Thoughts on books and other assorted topics.
See also: http://goppf.wikidot.com/swstart
My name: Brian Martin
Along with the clothes of its principal stars -- Nastassja Kinski, Malcolm McDowell, John Heard, and Annette O'Toole -- Paul Schrader's reimagining of the Lewton-Tourneur classic strips away the original's most celebrated achievement, its powerful use of suggestion. Schrader's approach, literal and overt, leaves very little to the imagination. Even its designation as an erotic horror film is strictly by the book. It's not that its peculiar idea of eroticism -- incest, voyeurism, prostitution, and bondage -- is unworkable, but that Schrader's sensibility acts on it only on its most superficial level. It may at times be sexually arousing, but this is in a literal, pornographic way rather than a more suggestively erotic one.
Kinski plays Irena Gallier, a young woman who comes to New Orleans to meet her brother, Paul (McDowell), whom she hasn't seen since they were separated as children after the death of their parents. Paul wastes no time signaling the sort of relationship he wants to have with his sister. Irena, repulsed, turns to Oliver (Heard), curator of the New Orleans Zoo, whose assistant, Alice (O'Toole), is in love with him.

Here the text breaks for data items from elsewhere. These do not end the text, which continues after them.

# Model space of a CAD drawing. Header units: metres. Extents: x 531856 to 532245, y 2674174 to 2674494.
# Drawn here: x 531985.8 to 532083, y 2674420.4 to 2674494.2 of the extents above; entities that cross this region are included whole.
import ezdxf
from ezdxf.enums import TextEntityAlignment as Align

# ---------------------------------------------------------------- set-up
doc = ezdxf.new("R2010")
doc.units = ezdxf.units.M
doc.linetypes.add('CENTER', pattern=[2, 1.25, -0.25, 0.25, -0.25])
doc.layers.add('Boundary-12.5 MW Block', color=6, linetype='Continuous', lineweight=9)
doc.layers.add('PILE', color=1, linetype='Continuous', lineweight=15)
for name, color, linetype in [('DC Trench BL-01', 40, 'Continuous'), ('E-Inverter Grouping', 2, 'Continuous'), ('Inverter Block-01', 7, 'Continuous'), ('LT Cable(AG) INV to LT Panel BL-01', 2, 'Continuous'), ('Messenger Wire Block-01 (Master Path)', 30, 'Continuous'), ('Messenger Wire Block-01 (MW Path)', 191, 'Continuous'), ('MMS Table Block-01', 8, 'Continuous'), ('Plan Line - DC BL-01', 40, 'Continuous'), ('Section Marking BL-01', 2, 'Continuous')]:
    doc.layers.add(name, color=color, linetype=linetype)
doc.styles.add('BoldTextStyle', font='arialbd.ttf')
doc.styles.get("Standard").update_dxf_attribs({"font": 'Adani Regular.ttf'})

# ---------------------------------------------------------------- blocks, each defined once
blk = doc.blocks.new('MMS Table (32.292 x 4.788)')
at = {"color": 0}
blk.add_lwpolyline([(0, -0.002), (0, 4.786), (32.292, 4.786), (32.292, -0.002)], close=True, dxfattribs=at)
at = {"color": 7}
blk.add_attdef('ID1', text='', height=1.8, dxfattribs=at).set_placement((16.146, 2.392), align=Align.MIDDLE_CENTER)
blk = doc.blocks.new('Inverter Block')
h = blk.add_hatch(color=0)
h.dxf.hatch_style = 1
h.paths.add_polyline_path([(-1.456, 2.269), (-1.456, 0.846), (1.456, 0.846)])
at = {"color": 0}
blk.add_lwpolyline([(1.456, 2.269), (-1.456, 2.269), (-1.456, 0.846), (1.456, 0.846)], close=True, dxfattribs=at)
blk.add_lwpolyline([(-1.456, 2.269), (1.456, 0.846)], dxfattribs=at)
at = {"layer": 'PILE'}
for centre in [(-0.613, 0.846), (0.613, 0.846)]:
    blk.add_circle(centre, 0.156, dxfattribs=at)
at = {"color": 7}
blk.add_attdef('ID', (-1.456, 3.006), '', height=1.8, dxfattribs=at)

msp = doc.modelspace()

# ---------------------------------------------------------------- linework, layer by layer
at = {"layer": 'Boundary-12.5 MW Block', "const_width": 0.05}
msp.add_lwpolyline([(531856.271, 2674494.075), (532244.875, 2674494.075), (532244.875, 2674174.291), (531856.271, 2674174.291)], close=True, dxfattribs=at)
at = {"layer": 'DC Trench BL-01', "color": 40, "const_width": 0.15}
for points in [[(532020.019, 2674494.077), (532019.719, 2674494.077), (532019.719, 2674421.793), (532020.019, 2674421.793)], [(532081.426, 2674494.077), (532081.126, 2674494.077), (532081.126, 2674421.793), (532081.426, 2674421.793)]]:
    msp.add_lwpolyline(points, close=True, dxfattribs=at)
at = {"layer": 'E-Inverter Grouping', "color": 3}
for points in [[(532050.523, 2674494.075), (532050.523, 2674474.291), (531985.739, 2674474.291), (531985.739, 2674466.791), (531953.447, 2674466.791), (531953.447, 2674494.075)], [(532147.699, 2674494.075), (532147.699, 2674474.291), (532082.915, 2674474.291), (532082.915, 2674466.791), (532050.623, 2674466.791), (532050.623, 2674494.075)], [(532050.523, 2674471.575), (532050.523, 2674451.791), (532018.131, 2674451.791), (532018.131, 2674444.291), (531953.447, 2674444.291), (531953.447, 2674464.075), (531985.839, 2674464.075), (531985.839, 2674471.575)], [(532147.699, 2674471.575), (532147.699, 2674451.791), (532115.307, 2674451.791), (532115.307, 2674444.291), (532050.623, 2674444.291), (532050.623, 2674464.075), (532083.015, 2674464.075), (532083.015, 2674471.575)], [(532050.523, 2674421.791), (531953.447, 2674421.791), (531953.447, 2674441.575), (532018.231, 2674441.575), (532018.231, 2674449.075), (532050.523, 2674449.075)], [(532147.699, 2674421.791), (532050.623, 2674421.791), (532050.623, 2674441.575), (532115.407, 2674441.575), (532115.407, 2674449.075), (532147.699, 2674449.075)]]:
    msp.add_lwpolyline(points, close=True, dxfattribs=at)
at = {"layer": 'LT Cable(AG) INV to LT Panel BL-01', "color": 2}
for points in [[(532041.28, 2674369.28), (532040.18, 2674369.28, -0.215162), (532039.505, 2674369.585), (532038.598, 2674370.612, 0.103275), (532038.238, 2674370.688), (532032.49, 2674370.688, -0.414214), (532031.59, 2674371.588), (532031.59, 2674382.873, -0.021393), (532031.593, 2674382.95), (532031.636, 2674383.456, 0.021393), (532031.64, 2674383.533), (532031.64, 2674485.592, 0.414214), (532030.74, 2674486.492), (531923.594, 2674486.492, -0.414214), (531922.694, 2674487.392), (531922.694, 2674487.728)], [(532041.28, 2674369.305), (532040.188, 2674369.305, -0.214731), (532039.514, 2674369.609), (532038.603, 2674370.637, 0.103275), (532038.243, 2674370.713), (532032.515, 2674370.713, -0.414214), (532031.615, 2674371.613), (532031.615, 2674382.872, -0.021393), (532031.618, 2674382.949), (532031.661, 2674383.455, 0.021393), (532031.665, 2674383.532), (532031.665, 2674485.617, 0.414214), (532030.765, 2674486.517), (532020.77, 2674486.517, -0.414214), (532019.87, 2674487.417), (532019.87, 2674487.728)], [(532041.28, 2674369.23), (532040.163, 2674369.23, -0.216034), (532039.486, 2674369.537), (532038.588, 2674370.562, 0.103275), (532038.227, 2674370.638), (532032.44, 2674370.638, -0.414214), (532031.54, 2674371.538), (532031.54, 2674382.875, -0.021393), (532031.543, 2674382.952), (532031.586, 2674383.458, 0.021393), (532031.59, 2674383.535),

Paul's interest in Irena is, for him, a natural one. He is one of the cat people, an incestuous race of werebeings who turn into leopards if they have sex with an outsider. The catch is, to become human again, they must kill. Irena, aware that she is different but not knowing why, initially rejects Paul's explanation, though later, of course, she is forced to accept it. The question is, how will she deal with it?
Cat People isn't a good movie, but it could have been, and not by removing the incest angle but by focusing on it. I get so tired of movies that introduce controversial elements strictly for their novelty value, ultimately dismissing them as unimportant. Like all those movies in the 80s with lesbian characters whose purpose was to titillate then die. Schrader, in fact, seems almost ashamed of this one. He and McDowell turn Paul into a perverted creep (or is that a creepy pervert?), beginning the moment he first sets eyes on Irena. Realistically, he shouldn't be; his desire is a natural one (for one of his kind). It's Irena who is, in a sense, perverse. Or should be. A movie that explored their relationship sensitively and logically might have been something special, a dark fantasy with some real world-building.
Logic, however, is treated with no less contempt than Paul. The movie comes to a grinding halt at one point, after Irena has run away and, in a dream, learns the true nature of her people. She knows now what will happen if she ever makes love to Oliver. The only sensible thing to do, then, is to stay away. Movie over, right? Not actually. Instead, her dream tells her, "You must return." I couldn't figure out why, until I realized her dream must have whispered something else in her ear: You haven't finished your nude scenes.